In deze zaak heeft de Rechtbank Amsterdam op 17 mei 2023 uitspraak gedaan over een verzoek tot overlevering van een opgeëiste persoon aan Polen op basis van een Europees aanhoudingsbevel (EAB). Het EAB, uitgevaardigd op 8 februari 2023 door de Poolse autoriteiten, betreft de aanhouding en overlevering van de opgeëiste persoon, die in Nederland gedetineerd is. De rechtbank heeft de behandeling van het EAB op 3 mei 2023 gehouden, waarbij de opgeëiste persoon werd bijgestaan door zijn raadsman, mr. A.M.V. Bandhoe, en een tolk in de Poolse taal. De rechtbank heeft de termijn voor uitspraak verlengd met 30 dagen.

De rechtbank heeft de identiteit van de opgeëiste persoon vastgesteld en de inhoud van het EAB beoordeeld. De opgeëiste persoon is veroordeeld tot een vrijheidsstraf van één jaar en acht maanden voor diefstal en andere misdrijven, waarvan nog een deel van de straf moet worden uitgezeten. De raadsman heeft verweer gevoerd op basis van artikel 12 van de Overleveringswet (OLW), maar de rechtbank oordeelt dat de opgeëiste persoon op de hoogte was van de procedures en dat er geen reden is om de overlevering te weigeren.

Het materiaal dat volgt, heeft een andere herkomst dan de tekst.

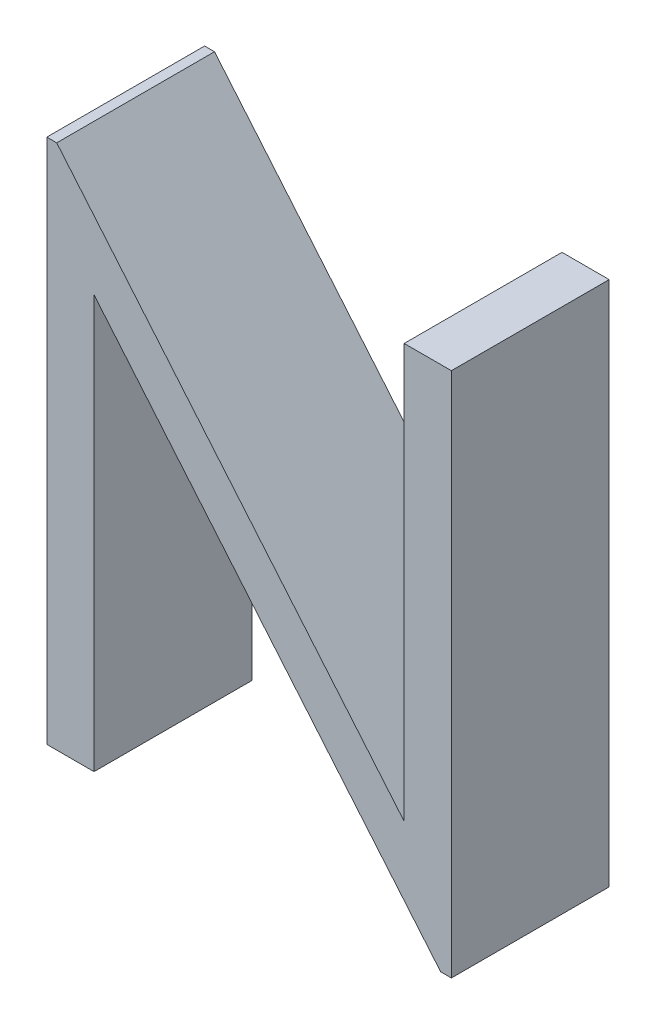
SolidWorks part; units mm, degrees
ref_plane "Plan de face" through (0, 0, 0) normal (0, 0, 1) x (1, 0, 0)
ref_plane "Plan de dessus" through (0, 0, 0) normal (0, 1, 0) x (1, 0, 0)
ref_plane "Plan de droite" through (0, 0, 0) normal (1, 0, 0) x (0, 0, -1)
sketch "Esquisse1" plane through (0, 0, 0) normal (0, 0, 1) x (1, 0, 0)
  text T0 "N" font "Century Gothic" height 5
extrude "Boss.-Extru.1" add sketch "Esquisse1" along normal blind 1.5

De rechtbank concludeert dat het EAB voldoet aan de eisen van de OLW en dat er geen weigeringsgronden zijn. De rechtbank staat de overlevering toe, waarbij zij ook rekening houdt met de structurele gebreken in de Poolse rechtsorde, maar oordeelt dat er geen individueel reëel gevaar is voor de opgeëiste persoon. De uitspraak is openbaar gedaan en er staat geen gewoon rechtsmiddel open tegen deze beslissing.

Uitspraak

RECHTBANK AMSTERDAM

INTERNATIONALE RECHTSHULPKAMER

Parketnummer: 13/065774-23
Datum uitspraak: 17 mei 2023
UITSPRAAK
op de vordering van 14 maart 2023 van de officier van justitie bij deze rechtbank tot het in behandeling nemen van een Europees aanhoudingsbevel (EAB). [1] Dit EAB is uitgevaardigd op
8 februari 2023 door
the Regional Court in Zamość, Second Penal Division(Polen) (hierna: de uitvaardigende justitiële autoriteit) en strekt tot de aanhouding en overlevering van:
[opgeëiste persoon],
geboren te [geboorteplaats] (Polen) op [geboortedag] 1990,
zonder vaste woon- of verblijfplaats in Nederland,
gedetineerd in [detentieadres],
hierna ‘de opgeëiste persoon’.

1.Procesgang

De behandeling van het EAB heeft plaatsgevonden op de zitting van 3 mei 2023, in aanwezigheid van mr. M. Diependaal, officier van justitie. De opgeëiste persoon is verschenen en bijgestaan door zijn raadsman, mr. A.M.V. Bandhoe, advocaat te Zoetermeer, en door een tolk in de Poolse taal.
De rechtbank heeft de termijn waarbinnen zij op grond van de Overleveringswet (OLW) uitspraak moet doen over de verzochte overlevering met 30 dagen verlengd. [2]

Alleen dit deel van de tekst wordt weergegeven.